I have a sample Vespa instance and I want to train a lightgbm model from the rank-profile. https://docs.vespa.ai/documentation/learning-to-rank.html
However, anytime I specify the recall with the docID, I get 0 hits. I'm using example code from here: https://github.com/vespa-engine/sample-apps/blob/master/text-search/src/python/collect_training_data.py
body = create_request_top_hits("test", "training", hits=2)
get_features(url, body)
And this correctly returns:
[{'id': 'index:domains/0/944f3a850511f388fe97ac85',
'relevance': 1.2427330381582673,
'source': 'domains',
'fields': {'uri': '6202597992',
'rankfeatures': {'bm25(body)': 2.8145480372957787,
'nativeFieldMatch(categories)': 0.0,
'nativeFieldMatch(concepts)': 0.8591903630989031,
'nativeFieldMatch(links)': 0.0,
'nativeFieldMatch(title)': 0.0,
'nativeProximity(categories)': 0.0,
'nativeProximity(concepts)': 0.0,
'nativeProximity(links)': 0.0,
'nativeProximity(title)': 0.0,
'rankingExpression(time_ranking)': 1.0}}},
{'id': 'index:domains/0/93f92aae1d6a010c2111e9b7',
'relevance': 1.2010786365413106,
'source': 'domains',
'fields': {'uri': '6206270866',
'rankfeatures': {'bm25(body)': 2.0397289658724347,
'nativeFieldMatch(categories)': 0.0,
'nativeFieldMatch(concepts)': 0.8591903630989031,
'nativeFieldMatch(links)': 0.0,
'nativeFieldMatch(title)': 0.0,
'nativeProximity(categories)': 0.0,
'nativeProximity(concepts)': 0.0,
'nativeProximity(links)': 0.0,
'nativeProximity(title)': 0.0,
'rankingExpression(time_ranking)': 1.0}}}]

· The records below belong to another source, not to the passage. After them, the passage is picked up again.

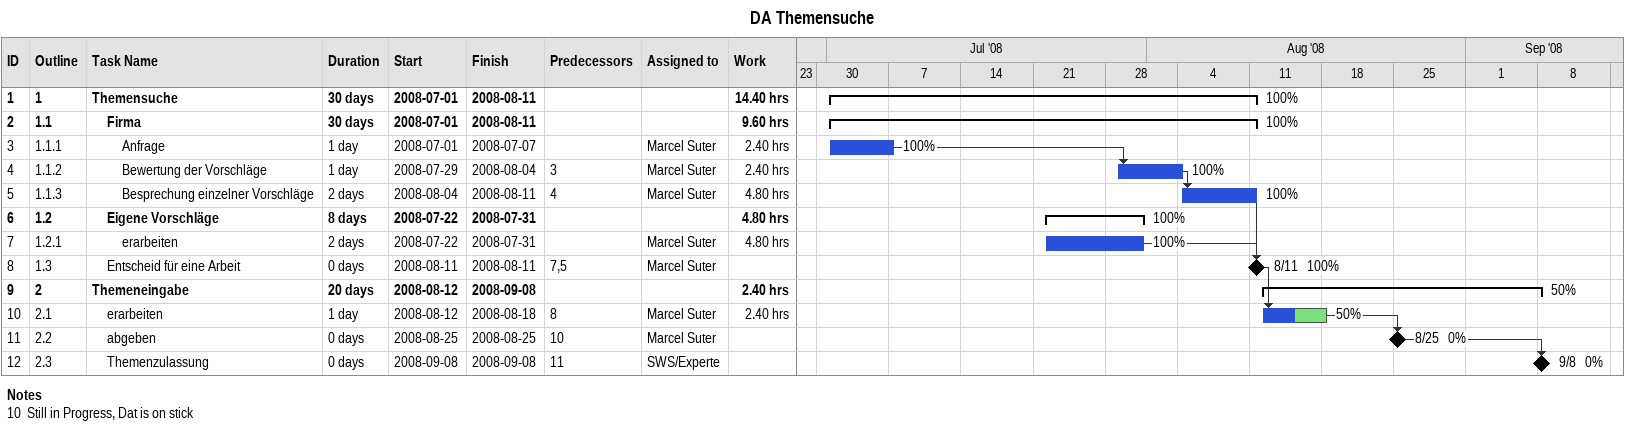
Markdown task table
DA Themensuche

| ID | WBS | Task | Duration | Start | Finish | Predecessors | Resources | % complete | Work (h) |
|---|---|---|---|---|---|---|---|---|---|
| 1 | 1 | **Themensuche** | 30d | 2008-07-01 | 2008-08-11 |  |  | 100 | 14.40 |
| 2 | 1.1 | **Firma** | 30d | 2008-07-01 | 2008-08-11 |  |  | 100 | 9.60 |
| 3 | 1.1.1 | Anfrage | 1d | 2008-07-01 | 2008-07-07 |  | Marcel Suter | 100 | 2.40 |
| 4 | 1.1.2 | Bewertung der Vorschläge | 1d | 2008-07-29 | 2008-08-04 | 3 | Marcel Suter | 100 | 2.40 |
| 5 | 1.1.3 | Besprechung einzelner Vorschläge | 2d | 2008-08-04 | 2008-08-11 | 4 | Marcel Suter | 100 | 4.80 |
| 6 | 1.2 | **Eigene Vorschläge** | 8d | 2008-07-22 | 2008-07-31 |  |  | 100 | 4.80 |
| 7 | 1.2.1 | erarbeiten | 2d | 2008-07-22 | 2008-07-31 |  | Marcel Suter | 100 | 4.80 |
| 8 | 1.3 | Entscheid für eine Arbeit | 0d | 2008-08-11 | 2008-08-11 | 7, 5 | Marcel Suter | 100 |  |
| 9 | 2 | **Themeneingabe** | 20d | 2008-08-12 | 2008-09-08 |  |  | 50 | 2.40 |
| 10 | 2.1 | erarbeiten | 1d | 2008-08-12 | 2008-08-18 | 8 | Marcel Suter | 50 | 2.40 |
| 11 | 2.2 | abgeben | 0d | 2008-08-25 | 2008-08-25 | 10 | Marcel Suter | 0 |  |
| 12 | 2.3 | Themenzulassung | 0d | 2008-09-08 | 2008-09-08 | 11 | SWS/Experte | 0 |  |

Notes
- 10: Still in Progress, Dat is on stick
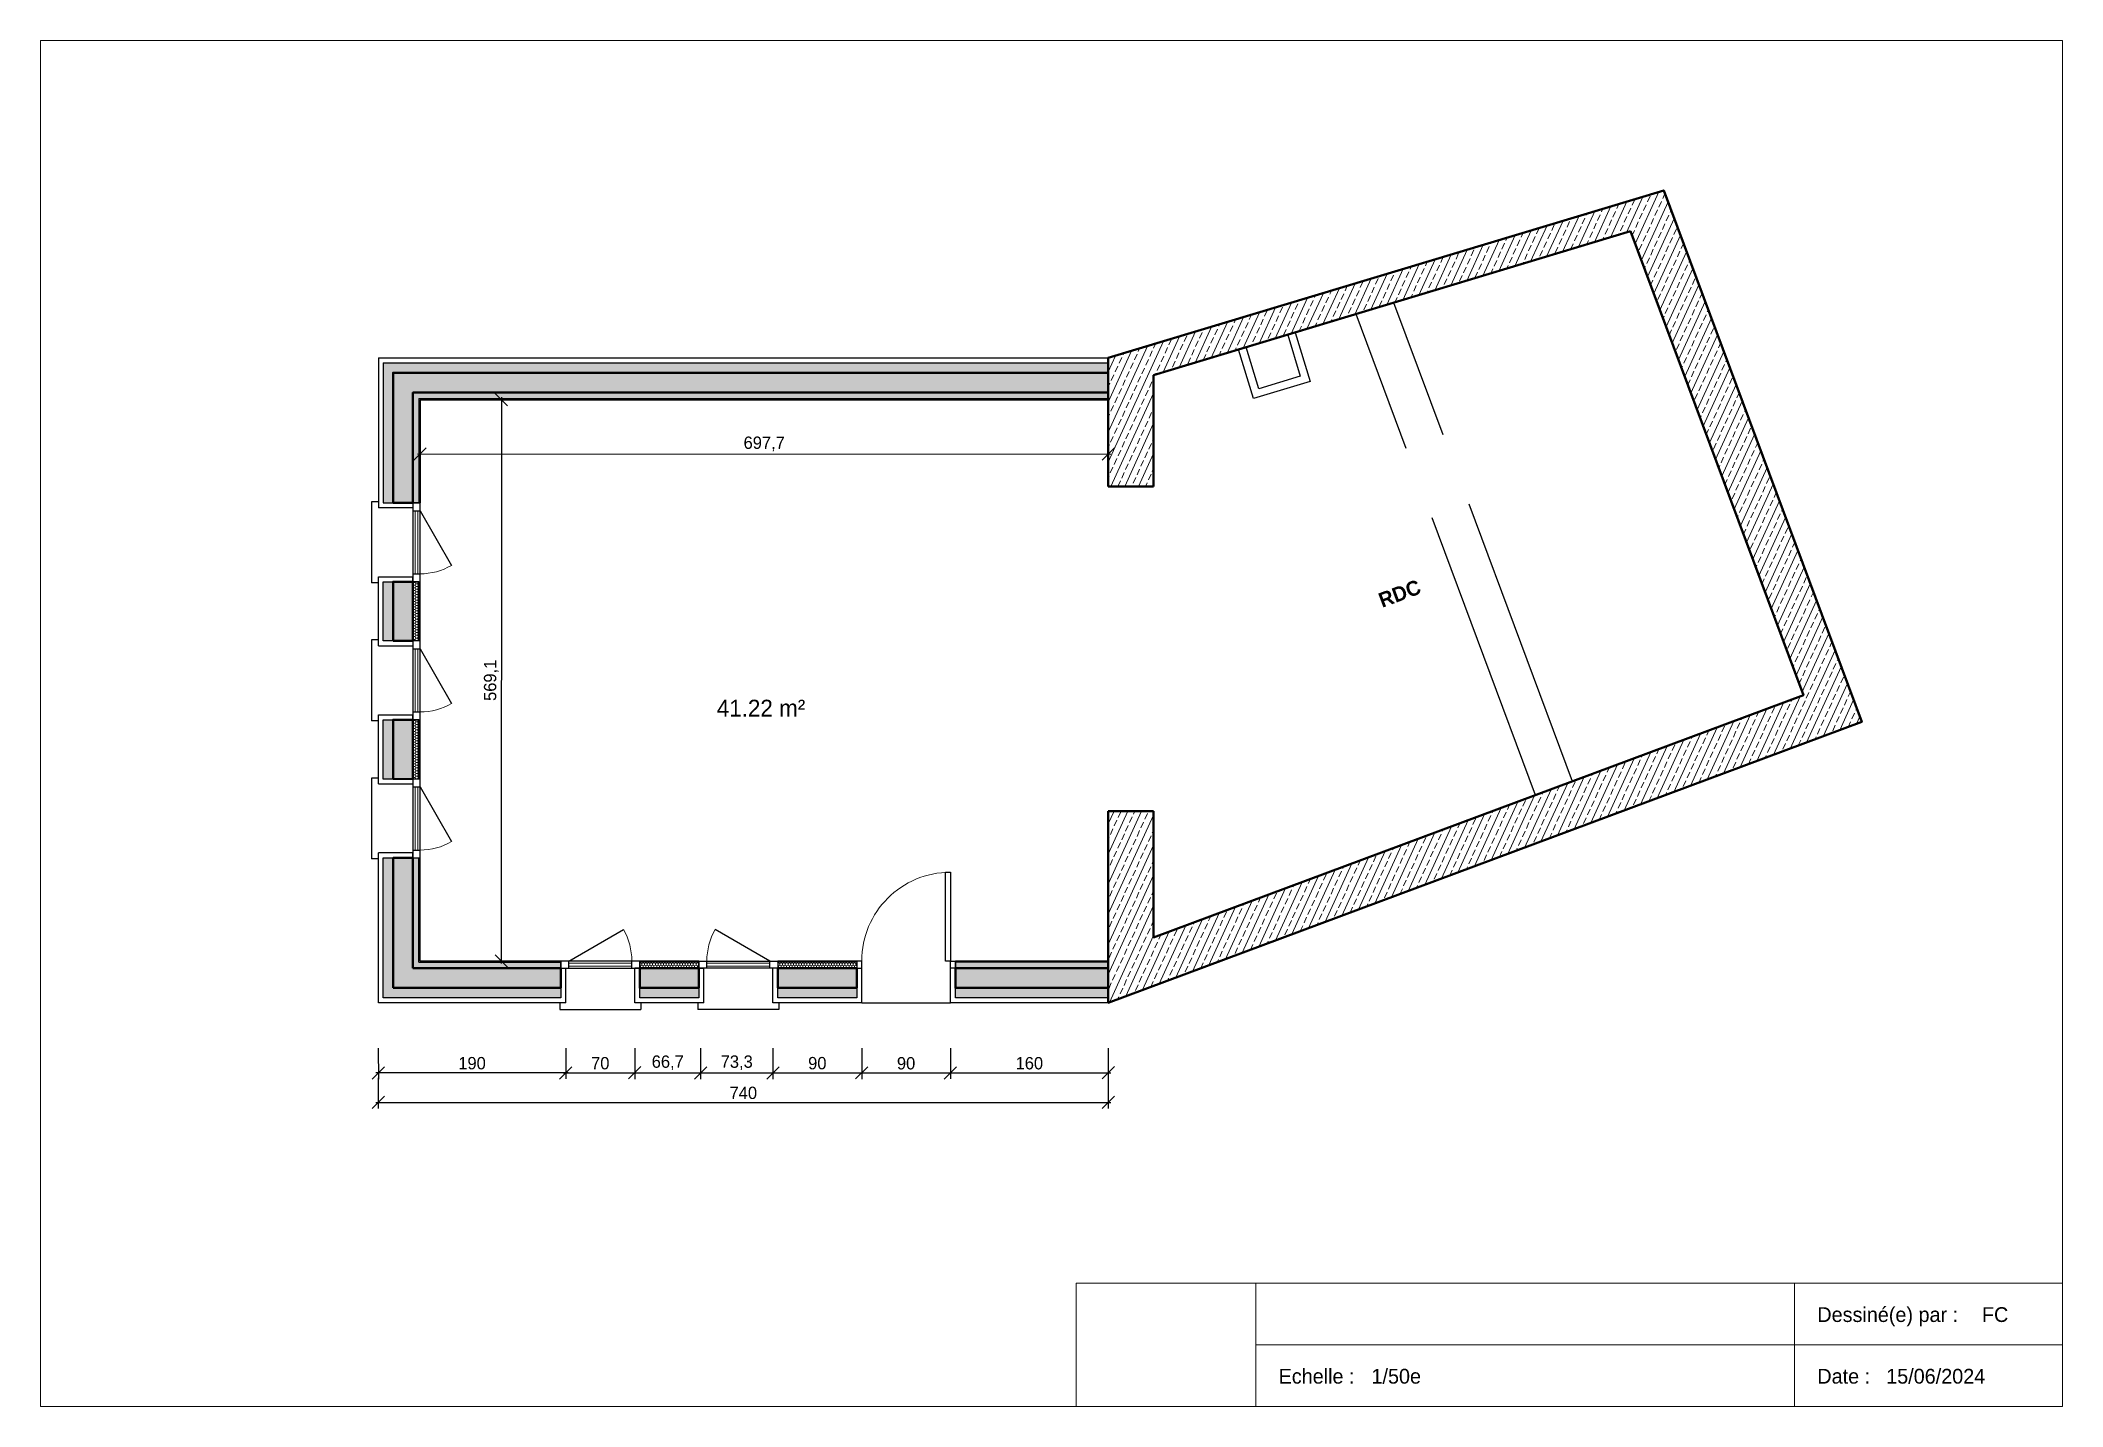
# Paper-space layout 'PROJET - PLAN - A3H' of a CAD drawing. Header units: centimetres, sheet in millimetres. Extents: x 0 to 410, y 0 to 277.
# The model-space entities are those that its viewports show. They can reach past a viewport. Long polylines and large blocks are cut down to what shows.
import ezdxf

# ---------------------------------------------------------------- set-up
doc = ezdxf.new("R2010")
doc.units = ezdxf.units.CM
doc.linetypes.add('ACAD_ISO02W100', pattern=[15, 12, -3])
for name, color, linetype, lineweight in [('01-MURS_cachés - EXITANT', 210, 'ACAD_ISO02W100', 25), ('01-MURS_coupés - EXITANT', 140, 'Continuous', 50), ('03-MURS_coupés - PROJET', 70, 'Continuous', 50), ('07-ALLEGES - PROJET', 150, 'Continuous', 25), ('07-DALLES - PROJET', 150, 'Continuous', 25), ('08-CLOISONS', 54, 'Continuous', 25), ('10-HABILLAGE INT. - PROJET', 104, 'Continuous', 25), ('10-HABILLAGE INT. HACHURES - PROJET', 52, 'Continuous', 25), ('16-MENUI - PROJET', 171, 'Continuous', 25), ('50-SURFACE CHAMP', 150, 'Continuous', 15), ('85-TEXTE', 7, 'Continuous', 20), ('98-CARTOUCHE', 7, 'Continuous', 13), ('99-Fenêtre de présentation', 8, 'Continuous', 13)]:
    doc.layers.add(name, color=color, linetype=linetype, lineweight=lineweight)
for name, color, linetype, lineweight, true_color in [('01-MURS_hachures - EXITANT', 7, 'Continuous', 13, 0x7a7a7a), ('03-MURS_hachures - PROJET', 7, 'Continuous', 13, 0x7a7a7a), ('18-ISOLATIONS - PROJET', 7, 'Continuous', 15, 0x7a7a7a), ('82-COTATIONS Extension', 7, 'Continuous', 20, 0xe651d2)]:
    doc.layers.add(name, color=color, linetype=linetype, lineweight=lineweight, true_color=true_color)
doc.styles.add('ELE_CENTURY_GOTHIC', font='GOTHIC.TTF')
doc.styles.add('ELE_CENTURY_GOTHIC GRAS', font='GOTHICB.TTF')
doc.dimstyles.new('ELE_ARC_1-50', dxfattribs={"dimscale": 5, "dimtxt": 2.5, "dimasz": 2.5, "dimexe": 1.25, "dimexo": 0.625, "dimtad": 1, "dimtoh": 1, "dimdec": 1, "dimzin": 9, "dimtxsty": 'ELE_CENTURY_GOTHIC', "dimblk": 'OBLIQUE', "dimcen": 0, "dimdle": 0.5, "dimclrt": 256, "dimadec": 1, "dimazin": 2, "dimtp": 0.01, "dimtm": 0.01, "dimtfac": 0.5, "dimtdec": 1, "dimtofl": 0, "dimtmove": 0, "dimatfit": 3, "dimfxl": 5, "dimfxlon": 1, "dimtfillclr": 2, "dimarcsym": 0})
pattern_1 = [(69.56388, (3741.6183, 976.8665), (-0.456843, 2.7114135), [1.5875, -3.175]), (189.56388, (3741.6183, 976.8665), (-2.1197314, -1.7513445), [1.5875, -3.175]), (129.56388, (3741.6183, 976.8665), (-2.5765745, 0.960069), [-3.175, 1.5875])]
pattern_2 = [(339.56388, (3279.3752, 1841.3613), (2.7114135, 0.456843), [1.5875, -3.175]), (99.56388, (3279.3752, 1841.3613), (-1.7513445, 2.1197314), [1.5875, -3.175]), (39.56388, (3279.3752, 1841.3613), (0.960069, 2.5765745), [-3.175, 1.5875])]

# ---------------------------------------------------------------- blocks, each defined once
blk = doc.blocks.new('Cartouche')
for p, q in [((-163.6, 25), (-163.6, 0)), ((-54.37, 25), (-54.37, 0)), ((-163.6, 12.5), (0, 12.5))]:
    blk.add_line(p, q)
blk.add_lwpolyline([(0, 0), (-200, 0), (-200, 25), (0, 25)], close=True)
at = {"style": 'ELE_CENTURY_GOTHIC'}
for s, p in [('Dessiné(e) par :', (-49.72, 17.15)), ('Echelle :', (-158.95, 4.65)), ('Date :', (-49.72, 4.65))]:
    blk.add_text(s, height=3, dxfattribs=at).set_placement(p)
at = {"style": 'ELE_CENTURY_GOTHIC', "flags": 2}
blk.add_attdef('NOM_PRESENTATION', (-158.95, 17.15), '', height=4, dxfattribs=at)
at = {"style": 'ELE_CENTURY_GOTHIC'}
for tag, p in [('DESSINE_PAR', (-16.34, 17.15)), ('ECHELLE', (-140.12, 4.65)), ('DATE', (-35.76, 4.65))]:
    blk.add_attdef(tag, p, '', height=3, dxfattribs=at)
blk = doc.blocks.new('PORTE_OUVERTURE 90cm')
for points in [[(0, 0), (5, 0), (5, 90), (0, 90)], [(0, 0), (-5, 0), (-5, -7.3), (0, -7.3)], [(90, 0), (95, 0), (95, -7.3), (90, -7.3)]]:
    blk.add_lwpolyline(points, close=True)
at = {"color": 252, "linetype": 'ACAD_ISO02W100', "lineweight": 20, "true_color": 0x939598}
blk.add_arc((0, 0), 90, 0, 90, dxfattribs=at)
blk = doc.blocks.new('FENETRE 1V - 80cm')
for p, q in [((8, 0), (63.4, 32)), ((72, -7.3), (72, 0)), ((8, -7.3), (8, 0))]:
    blk.add_line(p, q)
at = {"color": 152, "lineweight": 15, "true_color": 0x2776bb}
for p, q in [((72, -2.1), (8, -2.1)), ((72, -5.1), (8, -5.1))]:
    blk.add_line(p, q, dxfattribs=at)
blk.add_lwpolyline([(0, -7.3), (80, -7.3), (80, 0), (0, 0)], close=True)
at = {"color": 251, "linetype": 'ACAD_ISO02W100', "lineweight": 15, "true_color": 0x636466}
blk.add_arc((8, 0), 64, 0, 30, dxfattribs=at)
at = {"layer": '07-ALLEGES - PROJET'}
for p, q in [((-1, -42.3), (-1, -49.3)), ((-1, -49.3), (81, -49.3)), ((81, -42.3), (81, -49.3))]:
    blk.add_line(p, q, dxfattribs=at)
blk = doc.blocks.new('_Oblique')
at = {"color": 0, "linetype": 'ByBlock', "lineweight": -2}
blk.add_line((-0.5, -0.5), (0.5, 0.5), dxfattribs=at)
blk = doc.blocks.new('*D27')
at = {"layer": '82-COTATIONS Extension', "color": 0, "lineweight": -2, "transparency": 16777216}
for p, q in [((3032.1, 1192.1), (3021.2, 1162.8)), ((3203.8, 1101.4), (3021, 1169.5)), ((3210.1, 1125.7), (3199.2, 1096.5))]:
    blk.add_line(p, q, dxfattribs=at)
at = {"layer": 'Defpoints', "color": 0, "transparency": 16777216}
for p in [(3048.2, 1235.2), (3023.4, 1168.6), (3226.2, 1168.9)]:
    blk.add_point(p, dxfattribs=at)
at = {"layer": '82-COTATIONS Extension', "color": 0, "lineweight": -2, "transparency": 16777216, "xscale": 12.5, "yscale": 12.5, "zscale": 12.5}
for p, rotation in [((3023.4, 1168.6), 159.5638767251507), ((3201.4, 1102.3), 339.5638767251507)]:
    blk.add_blockref('_Oblique', p, dxfattribs=dict(at, rotation=rotation))
at = {"layer": '82-COTATIONS Extension', "transparency": 16777216, "insert": (3115.8, 1144.6), "char_height": 12.5, "attachment_point": 5, "rotation": 339.5639, "style": 'ELE_CENTURY_GOTHIC'}
blk.add_mtext('190', dxfattribs=at)
blk = doc.blocks.new('*D28')
at = {"layer": '82-COTATIONS Extension', "color": 0, "lineweight": -2, "transparency": 16777216}
for p, q in [((3210.1, 1125.7), (3199.2, 1096.5)), ((3199.1, 1103.2), (3269.4, 1077)), ((3275.7, 1101.3), (3264.8, 1072))]:
    blk.add_line(p, q, dxfattribs=at)
at = {"layer": 'Defpoints', "color": 0, "transparency": 16777216}
for p in [(3226.2, 1168.9), (3291.8, 1144.5), (3267, 1077.9)]:
    blk.add_point(p, dxfattribs=at)
at = {"layer": '82-COTATIONS Extension', "color": 0, "lineweight": -2, "transparency": 16777216, "xscale": 12.5, "yscale": 12.5, "zscale": 12.5}
for p, rotation in [((3201.4, 1102.3), 159.5638767251507), ((3267, 1077.9), 339.5638767251507)]:
    blk.add_blockref('_Oblique', p, dxfattribs=dict(at, rotation=rotation))
at = {"layer": '82-COTATIONS Extension', "transparency": 16777216, "insert": (3237.6, 1099.2), "char_height": 12.5, "attachment_point": 5, "rotation": 339.5639, "style": 'ELE_CENTURY_GOTHIC'}
blk.add_mtext('70', dxfattribs=at)
blk = doc.blocks.new('*D29')
at = {"layer": '82-COTATIONS Extension', "color": 0, "lineweight": -2, "transparency": 16777216}
for p, q in [((3275.7, 1101.3), (3264.8, 1072)), ((3264.7, 1078.7), (3331.9, 1053.7)), ((3338.3, 1078), (3327.3, 1048.7))]:
    blk.add_line(p, q, dxfattribs=at)
at = {"layer": 'Defpoints', "color": 0, "transparency": 16777216}
for p in [(3291.8, 1144.5), (3354.3, 1121.2), (3329.5, 1054.6)]:
    blk.add_point(p, dxfattribs=at)
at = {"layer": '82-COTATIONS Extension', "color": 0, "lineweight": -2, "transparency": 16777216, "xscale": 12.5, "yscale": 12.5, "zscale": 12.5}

To see if recall works, we'll use the top result:
'id': 'index:domains/0/944f3a850511f388fe97ac85'
'uri': '6202597992' # docIDs are derived from the uri field
And set the recall to the docid:
doc_id = [6202597992, "6202597992", "944f3a850511f388fe97ac85"] # multiple representations...
body = create_request_specific_ids("test", "training", doc_id)
get_features(url, body)
I would expect this to return the rank features from before but instead I get 0 hits. This is the full return:
{'root': {'id': 'toplevel', 'relevance': 1.0, 'fields': {'totalCount': 0}, 'coverage': {'coverage': 100, 'documents': 798, 'full': True, 'nodes': 5, 'results': 5, 'resultsFull': 5}}}
I've checked docs and examples and I haven't been able to find any information here. Any insights would be greatly appreciated.
The collect script/function expects that there is a field called id in your document schema. If you alter the script to use the uri field instead you should be able to retrieve the documents.